There are simply three ways to approach detox:

  • 1. Cold turkey- no help, no aids,
  • 2. Alternative detox process- using saunas, acupuncture and natural herbs to detox
  • 3. Medically assisted detox- Supervised by a physician prescribing medication to address withdrawal symptoms

The problem with the first two detox processes is the withdrawal symptoms. Withdrawal symptoms from Benzodiazepines (central nervous system depressants), Barbiturates (central nervous system depressants), Opiates (central nervous system depressants), Meth (stimulant), are very different. Each class of drugs and alcohol has its own withdrawal symptoms, some more dangerous than others. Combinations of drugs mean more complicated withdrawal symptoms and a more dangerous withdrawal. For example, withdrawal from opiates may be extremely painful, but, it is not life threatening as in the case of barbiturates. Withdrawal from Barbiturates can be life threatening.

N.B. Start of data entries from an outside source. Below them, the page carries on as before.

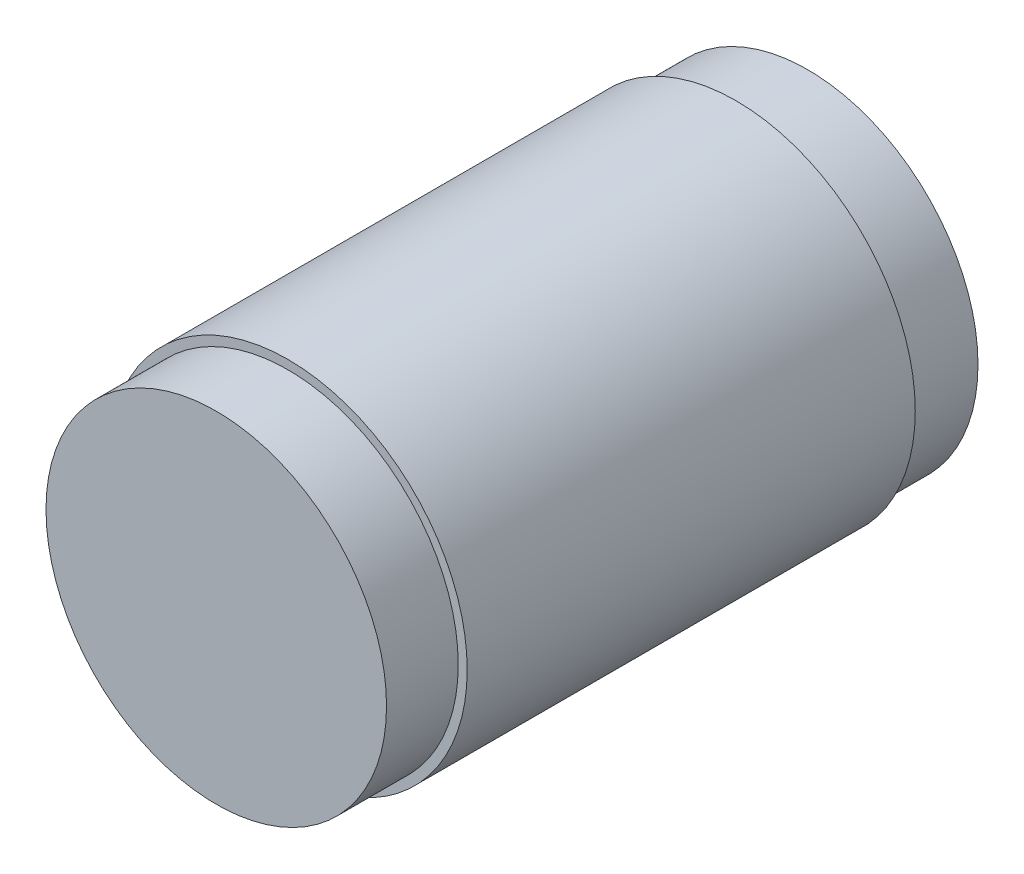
ISO-10303-21;
HEADER;
FILE_DESCRIPTION(('STEP AP214'),'2;1');
FILE_NAME('part.step','',(''),(''),'','','');
FILE_SCHEMA(('AUTOMOTIVE_DESIGN { 1 0 10303 214 1 1 1 1 }'));
ENDSEC;
DATA;
#1=APPLICATION_CONTEXT('core data for automotive mechanical design processes');
#2=APPLICATION_PROTOCOL_DEFINITION('international standard','automotive_design',2000,#1);
#3=PRODUCT_CONTEXT('',#1,'mechanical');
#4=PRODUCT('Part','Part','',(#3));
#5=PRODUCT_RELATED_PRODUCT_CATEGORY('part','',(#4));
#6=PRODUCT_DEFINITION_FORMATION('','',#4);
#7=PRODUCT_DEFINITION_CONTEXT('part definition',#1,'design');
#8=PRODUCT_DEFINITION('design','',#6,#7);
#9=PRODUCT_DEFINITION_SHAPE('','',#8);
#10=(LENGTH_UNIT() NAMED_UNIT(*) SI_UNIT(.MILLI.,.METRE.));
#11=(NAMED_UNIT(*) PLANE_ANGLE_UNIT() SI_UNIT($,.RADIAN.));
#12=(NAMED_UNIT(*) SI_UNIT($,.STERADIAN.) SOLID_ANGLE_UNIT());
#13=UNCERTAINTY_MEASURE_WITH_UNIT(LENGTH_MEASURE(1.E-05),#10,'distance_accuracy_value','');
#14=(GEOMETRIC_REPRESENTATION_CONTEXT(3) GLOBAL_UNCERTAINTY_ASSIGNED_CONTEXT((#13)) GLOBAL_UNIT_ASSIGNED_CONTEXT((#10,
#11,#12)) REPRESENTATION_CONTEXT('',''));
#15=CARTESIAN_POINT('',(0.,0.,0.));
#16=DIRECTION('',(0.,0.,1.));
#17=DIRECTION('',(1.,0.,0.));
#18=AXIS2_PLACEMENT_3D('',#15,#16,#17);
#19=CARTESIAN_POINT('',(0.,-8.78250645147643,33.6234162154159));
#20=DIRECTION('',(0.,0.,1.));
#21=DIRECTION('',(1.,0.,0.));
#22=AXIS2_PLACEMENT_3D('',#19,#20,#21);
#23=CYLINDRICAL_SURFACE('',#22,9.5);
#24=CARTESIAN_POINT('',(0.,-8.78250645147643,33.6234162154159));
#25=DIRECTION('',(0.,0.,1.));
#26=DIRECTION('',(1.,0.,0.));
#27=AXIS2_PLACEMENT_3D('',#24,#25,#26);
#28=CIRCLE('',#27,9.5);
#29=CARTESIAN_POINT('',(9.5,-8.78250645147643,33.6234162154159));
#30=VERTEX_POINT('',#29);
#31=EDGE_CURVE('E10',#30,#30,#28,.T.);
#32=ORIENTED_EDGE('',*,*,#31,.F.);
#33=EDGE_LOOP('',(#32));
#34=FACE_BOUND('',#33,.T.);
#35=CARTESIAN_POINT('',(0.,-8.78250645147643,29.6234162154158));
#36=DIRECTION('',(0.,0.,1.));
#37=DIRECTION('',(1.,0.,0.));
#38=AXIS2_PLACEMENT_3D('',#35,#36,#37);
#39=CIRCLE('',#38,9.5);
#40=CARTESIAN_POINT('',(9.5,-8.78250645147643,29.6234162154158));
#41=VERTEX_POINT('',#40);
#42=EDGE_CURVE('E62',#41,#41,#39,.T.);
#43=ORIENTED_EDGE('',*,*,#42,.T.);
#44=EDGE_LOOP('',(#43));
#45=FACE_BOUND('',#44,.T.);
#46=ADVANCED_FACE('F34',(#34,#45),#23,.T.);
#47=CARTESIAN_POINT('',(0.,0.71749354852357,33.6234162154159));
#48=DIRECTION('',(0.,0.,-1.));
#49=DIRECTION('',(-1.,0.,0.));
#50=AXIS2_PLACEMENT_3D('',#47,#48,#49);
#51=PLANE('',#50);
#52=ORIENTED_EDGE('',*,*,#31,.T.);
#53=EDGE_LOOP('',(#52));
#54=FACE_BOUND('',#53,.T.);
#55=ADVANCED_FACE('F92',(#54),#51,.F.);
#56=CARTESIAN_POINT('',(0.,0.71749354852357,0.623416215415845));
#57=DIRECTION('',(0.,0.,1.));
#58=DIRECTION('',(1.,0.,0.));
#59=AXIS2_PLACEMENT_3D('',#56,#57,#58);
#60=PLANE('',#59);
#61=CARTESIAN_POINT('',(0.,-8.78250645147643,0.623416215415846));
#62=DIRECTION('',(0.,0.,1.));
#63=DIRECTION('',(1.,0.,0.));
#64=AXIS2_PLACEMENT_3D('',#61,#62,#63);
#65=CIRCLE('',#64,9.5);
#66=CARTESIAN_POINT('',(9.5,-8.78250645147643,0.623416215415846));
#67=VERTEX_POINT('',#66);
#68=EDGE_CURVE('E41',#67,#67,#65,.T.);
#69=ORIENTED_EDGE('',*,*,#68,.F.);
#70=EDGE_LOOP('',(#69));
#71=FACE_BOUND('',#70,.T.);
#72=ADVANCED_FACE('F87',(#71),#60,.F.);
#73=CARTESIAN_POINT('',(0.,-8.78250645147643,33.6234162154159));
#74=DIRECTION('',(0.,0.,1.));
#75=DIRECTION('',(1.,0.,0.));
#76=AXIS2_PLACEMENT_3D('',#73,#74,#75);
#77=CYLINDRICAL_SURFACE('',#76,9.5);
#78=CARTESIAN_POINT('',(0.,-8.78250645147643,4.62341621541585));
#79=DIRECTION('',(0.,0.,1.));
#80=DIRECTION('',(1.,0.,0.));
#81=AXIS2_PLACEMENT_3D('',#78,#79,#80);
#82=CIRCLE('',#81,9.5);
#83=CARTESIAN_POINT('',(9.5,-8.78250645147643,4.62341621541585));
#84=VERTEX_POINT('',#83);
#85=EDGE_CURVE('E48',#84,#84,#82,.T.);
#86=ORIENTED_EDGE('',*,*,#85,.F.);
#87=EDGE_LOOP('',(#86));
#88=FACE_BOUND('',#87,.T.);
#89=ORIENTED_EDGE('',*,*,#68,.T.);
#90=EDGE_LOOP('',(#89));
#91=FACE_BOUND('',#90,.T.);
#92=ADVANCED_FACE('F82',(#88,#91),#77,.T.);
#93=CARTESIAN_POINT('',(0.,1.21749354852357,4.62341621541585));
#94=DIRECTION('',(0.,0.,1.));
#95=DIRECTION('',(1.,0.,0.));
#96=AXIS2_PLACEMENT_3D('',#93,#94,#95);
#97=PLANE('',#96);
#98=CARTESIAN_POINT('',(0.,-8.78250645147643,4.62341621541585));
#99=DIRECTION('',(0.,0.,1.));
#100=DIRECTION('',(1.,0.,0.));
#101=AXIS2_PLACEMENT_3D('',#98,#99,#100);
#102=CIRCLE('',#101,10.);
#103=CARTESIAN_POINT('',(10.,-8.78250645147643,4.62341621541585));
#104=VERTEX_POINT('',#103);
#105=EDGE_CURVE('E54',#104,#104,#102,.T.);
#106=ORIENTED_EDGE('',*,*,#105,.F.);
#107=EDGE_LOOP('',(#106));
#108=FACE_BOUND('',#107,.T.);
#109=ORIENTED_EDGE('',*,*,#85,.T.);
#110=EDGE_LOOP('',(#109));
#111=FACE_BOUND('',#110,.T.);
#112=ADVANCED_FACE('F76',(#108,#111),#97,.F.);
#113=CARTESIAN_POINT('',(0.,-8.78250645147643,33.6234162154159));
#114=DIRECTION('',(0.,0.,1.));
#115=DIRECTION('',(1.,0.,0.));
#116=AXIS2_PLACEMENT_3D('',#113,#114,#115);
#117=CYLINDRICAL_SURFACE('',#116,10.);
#118=CARTESIAN_POINT('',(0.,-8.78250645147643,29.6234162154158));
#119=DIRECTION('',(0.,0.,1.));
#120=DIRECTION('',(1.,0.,0.));
#121=AXIS2_PLACEMENT_3D('',#118,#119,#120);
#122=CIRCLE('',#121,10.);
#123=CARTESIAN_POINT('',(10.,-8.78250645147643,29.6234162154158));
#124=VERTEX_POINT('',#123);
#125=EDGE_CURVE('E59',#124,#124,#122,.T.);
#126=ORIENTED_EDGE('',*,*,#125,.F.);
#127=EDGE_LOOP('',(#126));
#128=FACE_BOUND('',#127,.T.);
#129=ORIENTED_EDGE('',*,*,#105,.T.);
#130=EDGE_LOOP('',(#129));
#131=FACE_BOUND('',#130,.T.);
#132=ADVANCED_FACE('F70',(#128,#131),#117,.T.);
#133=CARTESIAN_POINT('',(0.,1.21749354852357,29.6234162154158));
#134=DIRECTION('',(0.,0.,-1.));
#135=DIRECTION('',(-1.,0.,0.));
#136=AXIS2_PLACEMENT_3D('',#133,#134,#135);
#137=PLANE('',#136);
#138=ORIENTED_EDGE('',*,*,#42,.F.);
#139=EDGE_LOOP('',(#138));
#140=FACE_BOUND('',#139,.T.);
#141=ORIENTED_EDGE('',*,*,#125,.T.);
#142=EDGE_LOOP('',(#141));
#143=FACE_BOUND('',#142,.T.);
#144=ADVANCED_FACE('F67',(#140,#143),#137,.F.);
#145=CLOSED_SHELL('',(#46,#55,#72,#92,#112,#132,#144));
#146=MANIFOLD_SOLID_BREP('B2',#145);
#147=ADVANCED_BREP_SHAPE_REPRESENTATION('',(#18,#146),#14);
#148=SHAPE_DEFINITION_REPRESENTATION(#9,#147);
ENDSEC;
END-ISO-10303-21;

A certified addiction physician can make the withdrawal process more comfortable as he or she manages symptoms from diarrhea to anxiety or panic.
What is the difference between Rapid Detox and Medically Monitored Detox?

Over the last few years, many people sought rapid detox to avoid going through withdrawal symptoms caused by substance abuse. This procedure is used usually used on people suffering from opiate addictions such as OxyContin. Clients are put to sleep for one to two days as the opiates are removed from their bloodstream. After completion of rapid detox, many people will experience withdrawal symptoms leaving the client feeling disoriented. Follow up care is necessary. The client does not simply walk away clean. There continues to be much controversy over the efficacy of this form of detox.

Medically monitored detox is a process that usually lasts from a couple of weeks (for the worst of the physical symptoms) to months for cravings and psychological symptoms. Doctors will monitor the body’s response to withdrawal and will issue medications that can stop diarrhea or anxiety, for example.

In a quality detox facility, a person will leave detox and immediately move into treatment. There will be no substation of one addiction for another. In the case of opiates, for example, the client will leave detox free of the effects of opiates in the body and will not have substituted OxycContin for Suboxone, for example, one of the drugs used to manage opiate withdrawal. Only those medications that manage cravings (if needed) and mood will be prescribed, and these will be closely monitored during treatment. As the client stabilizes, drugs dosages should be reduced or stopped completely.
What Happens After Detox?

Regardless of how one goes through detox, treatment for addiction is needed. In treatment, clients learn about drug and alcohol addiction, relapse prevention, co-occurring disorders, life skills, triggers, managing feelings, managing medications, recreational therapy, family dynamics, goal setting, 12 Step Principles, nutritional counseling, exercise, setting boundaries, and other issues that can lead someone back to using drugs and alcohol. During detox, the above named topics are never approached as it is not the job of a detox facility to do drug and alcohol treatment. Treatment protocols for breaking the cycle of addiction can only be found at a dedicated substance abuse treatment facility.

Research has clearly demonstrated over time that a person needs to have a continuum of care. He or she must move immediately from detox to treatment, from treatment to aftercare and sober living communities. These are the components that provide individuals with the greatest chance of maintaining long term sobriety.